Le dimanche soir 23 juillet 1961, ils sont une dizaine – peut-être un peu plus, M. Hocine ne se souvient plus très bien – qui profitent de cette fin de journée estivale à La Ville d’Alger. Vers 23 heures, l’un des employés revient du cinéma Le Palace, apeuré. « Il avait vu les paras qui cassaient tout, poursuivaient les Arabes et se dirigeaient vers le quartier », raconte l’ancien restaurateur, aujourd’hui âgé de 86 ans.
A ce moment, il ne le sait pas encore, mais une nuit de terreur vient de commencer à Metz. Des militaires français, des « paras » basés à Metz, déferlent par centaines sur la ville et se déchaînent sur la population algérienne. Cette flambée de violence a pour prétexte une vengeance née d’une bagarre meurtrière : mais elle a pour arrière-fond la rancœur ramenée d’Algérie par des hommes frustrés d’une victoire qu’ils croyaient acquise, et d’une cause perdue – celle de l’Algérie française.
Poursuivre la traque des « fells »
Pour prendre la pleine mesure de cette histoire, il faut remonter au mois d’avril 1961, à Alger. A l’époque, la guerre d’indépendance bat son plein, et le 1er régiment de chasseurs parachutistes (RCP) est stationné à Philippeville (aujourd’hui Skikda), sous le commandement du lieutenant-colonel Plassard.

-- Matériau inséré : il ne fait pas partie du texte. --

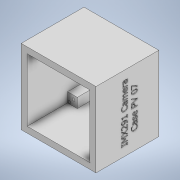
# Autodesk Inventor part: IMX291 Ethernet Strain Relief
Saved by Autodesk Inventor 2022.1 (Build 261234000, 234)
## iProperties
Created: 2021-07-23
Part Number: IMX291 Ethernet Strain Relief
Material: Generic
Document SubType Name: Modeling
Designer: robst
Density: 1 g/cm^3
Appearance: Default
Author: robst
Autodesk Inventor part; units mm, degrees
ref_plane "YZ Plane" through (0, 0, 0) normal (1, 0, 0) x (0, 1, 0)
ref_plane "XZ Plane" through (0, 0, 0) normal (0, 1, 0) x (-1, 0, 0)
ref_plane "XY Plane" through (0, 0, 0) normal (0, 0, 1) x (1, 0, 0)
sketch "Sketch8" plane through (0, 0, 0) normal (0, 0, 1) x (1, 0, 0)
  line L0 (-17, -17) -> (17, -17) construction
  line L1 (17, -17) -> (17, 17) construction
  line L2 (17, 17) -> (-17, 17) construction
  line L3 (-17, 17) -> (-17, -17) construction
  line L4 (-17, -17) -> (17, 17) construction
  line L5 (17, -17) -> (-17, 17) construction
  circle A0 centre (-17, 17) radius 0.889
  circle A1 centre (17, 17) radius 0.889
  circle A2 centre (17, -17) radius 0.889
  circle A3 centre (-17, -17) radius 0.889
  line L6 (-21, -21) -> (21, -21)
  line L7 (21, -21) -> (21, 21)
  line L8 (21, 21) -> (-21, 21)
  line L9 (-21, 21) -> (-21, -21)
  line L10 (-21, -21) -> (21, 21) construction
  line L11 (21, -21) -> (-21, 21) construction
  line L12 (-25, -25) -> (25, -25)
  line L13 (25, -25) -> (25, 25)
  line L14 (25, 25) -> (-25, 25)
  line L15 (-25, 25) -> (-25, -25)
  line L16 (-25, -25) -> (25, 25) construction
  line L17 (25, -25) -> (-25, 25) construction
  line L18 (0, 0) -> (9.8286, 0)
  line L19 (-14.5, -14.5) -> (14.5, -14.5) construction
  line L20 (14.5, -14.5) -> (14.5, 14.5) construction
  line L21 (14.5, 14.5) -> (-14.5, 14.5) construction
  line L22 (-14.5, 14.5) -> (-14.5, -14.5) construction
  line L23 (-14.5, -14.5) -> (14.5, 14.5) construction
  line L24 (14.5, -14.5) -> (-14.5, 14.5) construction
  line L25 (-21, 21) -> (-14.5, 21)
  line L26 (-14.5, 21) -> (-14.5, 14.5)
  line L27 (-14.5, 14.5) -> (-21, 14.5)
  line L28 (-21, 14.5) -> (-21, 21)
  line L29 (21, 21) -> (14.5, 21)
  line L30 (14.5, 21) -> (14.5, 14.5)
  line L31 (14.5, 14.5) -> (21, 14.5)
  line L32 (21, 14.5) -> (21, 21)
  line L33 (21, -21) -> (14.5, -21)
  line L34 (14.5, -21) -> (14.5, -14.5)
  line L35 (14.5, -14.5) -> (21, -14.5)
  line L36 (21, -14.5) -> (21, -21)
  line L37 (-21, -21) -> (-14.5, -21)
  line L38 (-14.5, -21) -> (-14.5, -14.5)
  line L39 (-14.5, -14.5) -> (-21, -14.5)
  line L40 (-21, -14.5) -> (-21, -21)
  point P0 (-25, 0)
  point P1 (-14.5, -21)
  dimension "d46" = 34
  dimension "d47" = 34
  dimension "d48" = 1.778
  dimension "d49" = 42
  dimension "d50" = 42
  dimension "d51" = 4
  dimension "d52" = 4
  dimension "d53" = 29
  dimension "d54" = 29
  dimension "d61" = 50
  dimension "d62" = 50
  constraints: 82 end point, 16 parallel, 9 midpoint, 8 horizontal, 8 perpendicular, 4 centre point, 4 coincident, 3 equal radius, 2 point on line
  measures "d46" distance of L0.start L0.end
  measures "d47" distance of L2.end L0.start
  measures "d48" diameter of A0
  measures "d49" distance of L7.end L8.end
  measures "d50" distance of L6.end L7.end
  measures "d51" distance between parallel lines of L8 L14
  measures "d52" distance from line of point (-25, 0) L9
  measures "d53" distance of L19.start L19.end
  measures "d54" distance of L20.end L19.end
  measures "d61" distance between parallel lines of L14 L12
  measures "d62" distance between parallel lines of L15 L13
extrude "Extrusion9" add sketch "Sketch8" against normal blind 15 contours L9 L39 L38 L6 | L34 L35 L7 L6 | L9 L8 L26 L27 | L31 L30 L8 L7 | L15 L14 L13 L12
sketch "Sketch9" plane through (0, 0, 0) normal (0, 0, 1) x (1, 0, 0)
  line L0 (21, 14.5) -> (21, -14.5) projected
  line L1 (-14.5, 21) -> (14.5, 21) projected
  line L2 (-21, -14.5) -> (-21, 14.5) projected
  line L3 (14.5, -21) -> (-14.5, -21) projected
  line L4 (-25, -25) -> (25, -25) projected
  line L5 (25, -25) -> (25, 25) projected
  line L6 (25, 25) -> (-25, 25) projected
  line L7 (-25, 25) -> (-25, -25) projected
  line L8 (-21, -21) -> (21, -21)
  line L9 (21, -21) -> (21, 21)
  line L10 (21, 21) -> (-21, 21)
  line L11 (-21, 21) -> (-21, -21)
  line L12 (-21, -21) -> (21, 21) construction
  line L13 (21, -21) -> (-21, 21) construction
  line L14 (-23, -23) -> (23, -23)
  line L15 (23, -23) -> (23, 23)
  line L16 (23, 23) -> (-23, 23)
  line L17 (-23, 23) -> (-23, -23)
  line L18 (-23, -23) -> (23, 23) construction
  line L19 (23, -23) -> (-23, 23) construction
  point P0 (0, 0)
  point P1 (-14.5, -21)
  constraints: 24 end point, 4 midpoint, 4 parallel, 2 perpendicular
extrude "Extrusion10" add sketch "Sketch9" along normal blind 27 contours L7 L6 L5 L4 | L17 L16 L15 L14
sketch "Sketch10" plane through (25, -25, -15) normal (1, 0, 0) x (0, 0, -1)
  line L0 (-42, 0) -> (0, 0) construction
  line L1 (-21, 0) -> (-21, 50) construction
  line L2 (0, 50) -> (-42, 50) construction
  line L3 (-21, 7.4068) -> (-21, 5.8574)
  line L4 (-21, 5.8574) -> (-21.4084, 5.8574)
  line L5 (-21.4084, 5.8574) -> (-21.4084, 6.3663)
  line L6 (-21.4084, 6.3663) -> (-24.5916, 6.3663)
  line L7 (-24.5916, 6.3663) -> (-24.5916, 5.8574)
  line L8 (-24.5916, 5.8574) -> (-25, 5.8574)
  line L9 (-25, 5.8574) -> (-25, 7.4068)
  line L10 (-25, 7.4068) -> (-24.5916, 7.4068)
  line L11 (-24.5916, 7.4068) -> (-24.5916, 6.8979)
  line L12 (-24.5916, 6.8979) -> (-21.4084, 6.8979)
  line L13 (-21.4084, 6.8979) -> (-21.4084, 7.4068)
  line L14 (-21.4084, 7.4068) -> (-21, 7.4068)
  line L15 (-21, 11.4943) -> (-21, 10.9627)
  line L16 (-21, 10.9627) -> (-24.4457, 10.9627)
  line L17 (-24.4457, 10.9627) -> (-22.1021, 9.919)
  line L18 (-22.1021, 9.919) -> (-22.1021, 9.5948)
  line L19 (-22.1021, 9.5948) -> (-24.4457, 8.5608)
  line L20 (-24.4457, 8.5608) -> (-21, 8.5608)
  line L21 (-21, 8.5608) -> (-21, 8.0648)
  line L22 (-21, 8.0648) -> (-25, 8.0648)
  line L23 (-25, 8.0648) -> (-25, 8.7909)
  line L24 (-25, 8.7909) -> (-22.7731, 9.7893)
  line L25 (-22.7731, 9.7893) -> (-25, 10.7553)
  line L26 (-25, 10.7553) -> (-25, 11.4943)
  line L27 (-25, 11.4943) -> (-21, 11.4943)
  line L28 (-21, 15.0697) -> (-21, 14.4603)
  line L29 (-21, 14.4603) -> (-22.5948, 13.4878)
  line L30 (-22.5948, 13.4878) -> (-21, 12.4959)
  line L31 (-21, 12.4959) -> (-21, 11.9222)
  line L32 (-21, 11.9222) -> (-23.0032, 13.1961)
  line L33 (-23.0032, 13.1961) -> (-25, 11.9611)
  line L34 (-25, 11.9611) -> (-25, 12.5705)
  line L35 (-25, 12.5705) -> (-23.4344, 13.5235)
  line L36 (-23.4344, 13.5235) -> (-25, 14.4959)
  line L37 (-25, 14.4959) -> (-25, 15.0697)
  line L38 (-25, 15.0697) -> (-23.0292, 13.8185)
  line L39 (-23.0292, 13.8185) -> (-21, 15.0697)
  line L40 (-21, 17.8509) -> (-21, 15.3841)
  line L41 (-21, 15.3841) -> (-21.5673, 15.3841)
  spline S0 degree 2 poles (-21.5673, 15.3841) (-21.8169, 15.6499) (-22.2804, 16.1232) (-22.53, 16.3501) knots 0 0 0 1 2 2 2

Depuis leur arrivée en Algérie, aux premières heures du soulèvement, à l’automne 1954, ces 1 300 hommes n’ont cessé de combattre les fellaghas, des Aurès au Constantinois, en passant par la Kabylie et la frontière tunisienne. De janvier à octobre 1957, le régiment s’est distingué en première ligne dans la bataille d’Alger sous les ordres du général Massu. En ce mois d’avril, il va de nouveau se faire remarquer, mais cette fois en participant à la tentative de putsch menée par les généraux Challe, Jouhaud, Salan et Zeller, favorables à l’Algérie française.